La cartographie collaborative a le vent en poupe. Nous Les Geeks vous avions déjà présenté Google Map Maker et OpenStreetmap, voici que sort Here, le nouveau service cartographique de Nokia, et dans la foulée Here Map Creator qui permet d’améliorer ces cartes.
Petit tour des possibilités …
Avec son nouveau service de cartographie Here, Nokia frappe un grand coup pour tenter de rattraper son retard dans les applications cartographiques grand public. Interface intuitive, navigation 3D, application gratuite pour iPhone / Android / Firefox OS …

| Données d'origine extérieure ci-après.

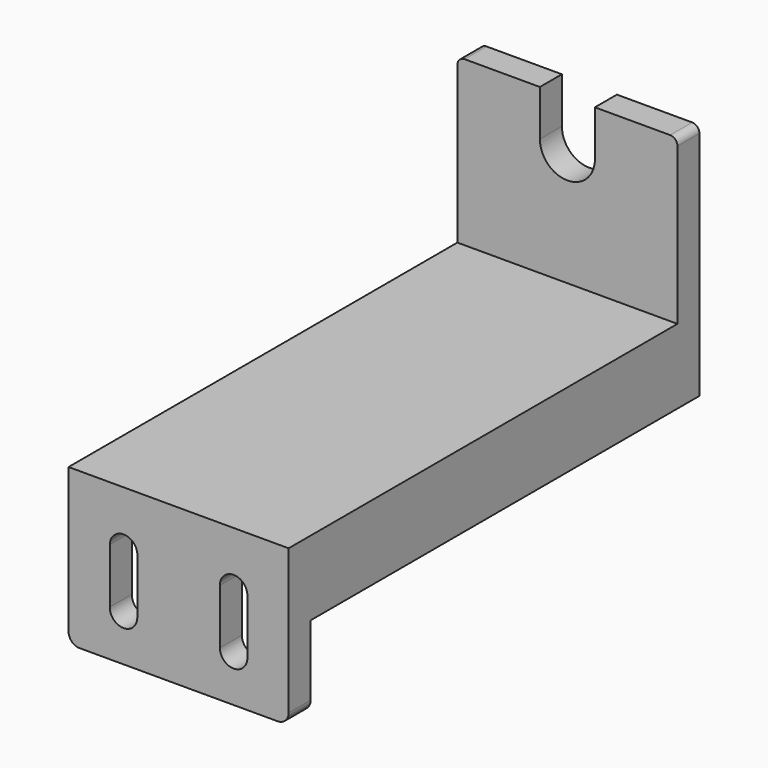
from build123d import *

# Parameters (mm, degrees)
F1_DEPTH = 317.5
F4_DEPTH = 19.05
F5_DEPTH = 19.05


# Not quite as in the source:
# - a feature names something its author has since deleted; it is built from what else it names


with BuildPart() as f1:
    # F0 (on Front) → F1 (new body)
    with BuildSketch(Plane.XZ):
        with BuildLine():
            Line((152.4, 0), (0, 0))
            Line((0, 0), (0, -51.6636))
            Line((0, -51.6636), (8.7122, -51.6636))
            Line((8.7122, -51.6636), (8.7122, -18.1356))
            ThreePointArc((8.7122, -18.1356), (11.6879951031, -10.9513951031), (18.8722, -7.9756))
            Line((18.8722, -7.9756), (133.5278, -7.9756))
            ThreePointArc((133.5278, -7.9756), (140.7120048969, -10.9513951031), (143.6878, -18.1356))
            Line((143.6878, -18.1356), (143.6878, -51.6636))
            Line((143.6878, -51.6636), (152.4, -51.6636))
            Line((152.4, -51.6636), (152.4, 0))
        make_face()
    extrude(amount=F1_DEPTH)

    # F3 (on face) → F4 (join)
    with BuildSketch(Plane(origin=(0, 0, 0), x_dir=(-1, 0, 0), z_dir=(0, 1, 0))):
        with BuildLine():
            Line((-152.4, 108.3564), (-152.4, 0))
            Line((-152.4, 0), (0, 0))
            Line((0, 0), (0, 108.3564))
            ThreePointArc((0, 108.3564), (-1.4878975516, 111.9485024484), (-5.08, 113.4364))
            Line((-5.08, 113.4364), (-57.15, 113.4364))
            Line((-57.15, 113.4364), (-57.15, 81.6864))
            ThreePointArc((-57.15, 81.6864), (-76.2, 62.6364), (-95.25, 81.6864))
            Line((-95.25, 81.6864), (-95.25, 113.4364))
            Line((-95.25, 113.4364), (-147.32, 113.4364))
            ThreePointArc((-147.32, 113.4364), (-150.9121024484, 111.9485024484), (-152.4, 108.3564))
        make_face()
        with BuildLine():
            Line((-143.6878, -18.1356), (-143.6878, -51.6636))
            Line((-143.6878, -51.6636), (-8.7122, -51.6636))
            Line((-8.7122, -51.6636), (-8.7122, -18.1356))
            ThreePointArc((-8.7122, -18.1356), (-11.6879951031, -10.9513951031), (-18.8722, -7.9756))
            Line((-18.8722, -7.9756), (-133.5278, -7.9756))
            ThreePointArc((-133.5278, -7.9756), (-140.7120048969, -10.9513951031), (-143.6878, -18.1356))
        make_face()
        with BuildLine():
            Line((-152.4, 0), (-152.4, -51.6636))
            Line((-152.4, -51.6636), (-143.6878, -51.6636))
            Line((-143.6878, -51.6636), (-143.6878, -18.1356))
            ThreePointArc((-143.6878, -18.1356), (-140.7120048969, -10.9513951031), (-133.5278, -7.9756))
            Line((-133.5278, -7.9756), (-18.8722, -7.9756))
            ThreePointArc((-18.8722, -7.9756), (-11.6879951031, -10.9513951031), (-8.7122, -18.1356))
            Line((-8.7122, -18.1356), (-8.7122, -51.6636))
            Line((-8.7122, -51.6636), (0, -51.6636))
            Line((0, -51.6636), (0, 0))
            Line((0, 0), (-152.4, 0))
        make_face()
    extrude(amount=F4_DEPTH)

    # F2 (on face) → F5 (join)
    with BuildSketch(Plane.XZ.offset(317.5)):
        with BuildLine():
            Line((152.4, 0), (0, 0))
            Line((0, 0), (0, -100.33))
            ThreePointArc((0, -100.33), (2.2318463274, -105.7181536726), (7.62, -107.95))
            Line((7.62, -107.95), (144.78, -107.95))
            ThreePointArc((144.78, -107.95), (150.1681536726, -105.7181536726), (152.4, -100.33))
            Line((152.4, -100.33), (152.4, 0))
        make_face()
        with BuildLine():
            Line((28.5572737867, -76.085673397), (28.5940985013, -37.985673397))
            ThreePointArc((28.5940985013, -37.985673397), (38.2314841006, -28.6802259255), (47.6427262133, -38.214326603))
            Line((47.6427262133, -38.214326603), (47.6059014987, -76.314326603))
            ThreePointArc((47.6059014987, -76.314326603), (37.9659922536, -85.8300138104), (28.5572737867, -76.085673397))
        make_face(mode=Mode.SUBTRACT)
        with BuildLine():
            Line((104.7750042372, -76.2000004751), (104.7749957628, -38.099982679))
            ThreePointArc((104.7749957628, -38.099982679), (114.3000041857, -28.5750016435), (123.8249957628, -38.0999995249))
            Line((123.8249957628, -38.0999995249), (123.8250042372, -76.200017321))
            ThreePointArc((123.8250042372, -76.200017321), (114.2999958142, -85.7250194396), (104.7750042372, -76.2000004751))
        make_face(mode=Mode.SUBTRACT)
    extrude(amount=F5_DEPTH)


solid = f1.part

Nokia va également plus loin et lance son outil de crowdsourcing Map Creator. Le lien situé en évidence sur le bandeau du haut sur here.net laisse présager de son importance.
Une carte collaborative dédiée
Néanmoins, au contraire, dès les premiers pas on se rend compte que le service n’est -pour l’instant ?- pas central sur le site. Tout d’abord en naviguant sur la carte Here, on découvre que les données issues de la communauté s’affichent sur le calque Communauté alors que le calque standard affiche les données issues de la filiale carto de Nokia, Navteq. Autrement dit, Nokia est en train de bâtir deux cartes indépendantes. Ont-ils des projets de fusion ? Plus celle-ci sera tardive, plus cela sera compliqué …
La carte standard (à gauche) et collaborative (à droite) sont vraiment très différentes …
Premiers pas : la simplicité prime
Les premiers pas sont décevants : le service n’est pas ouvert pour la France, ni pour la plupart des pays développés. Une stratégie qui diffère de Google Map Maker, qui fut en premier lieu ouvert pour l’Amérique du Nord puis pour l’Europe avant de couvrir la majorité des pays du globe.
J’aurais pourtant aimé commencer par mon quartier, comme tout le monde ! Pour effectuer ma première modification, après création d’un compte Nokia, je me dirige donc en Tunisie. Il y a quelques erreurs de traduction qui sont vites pardonnées, vu le lancement très récent. Nul doute que cela sera corrigé rapidement.
La création est simplifiée a l’extrême : elle se limite aux bâtiments et aux routes. Après avoir cliqué sur « ajouter une nouvelle route » je la dessine sur la carte, avec une vue satellite en fond de carte. C’est fluide, intuitif et plutôt agréable. Il est possible de glisser-déposer la carte en cours d’édition pour se déplacer, par contre, impossible de zoomer avec la molette, dommage.
En arrivant à l’intersection d’une autre route, l’outil me demande si je souhaite les connecter, je clique oui : simple et efficace.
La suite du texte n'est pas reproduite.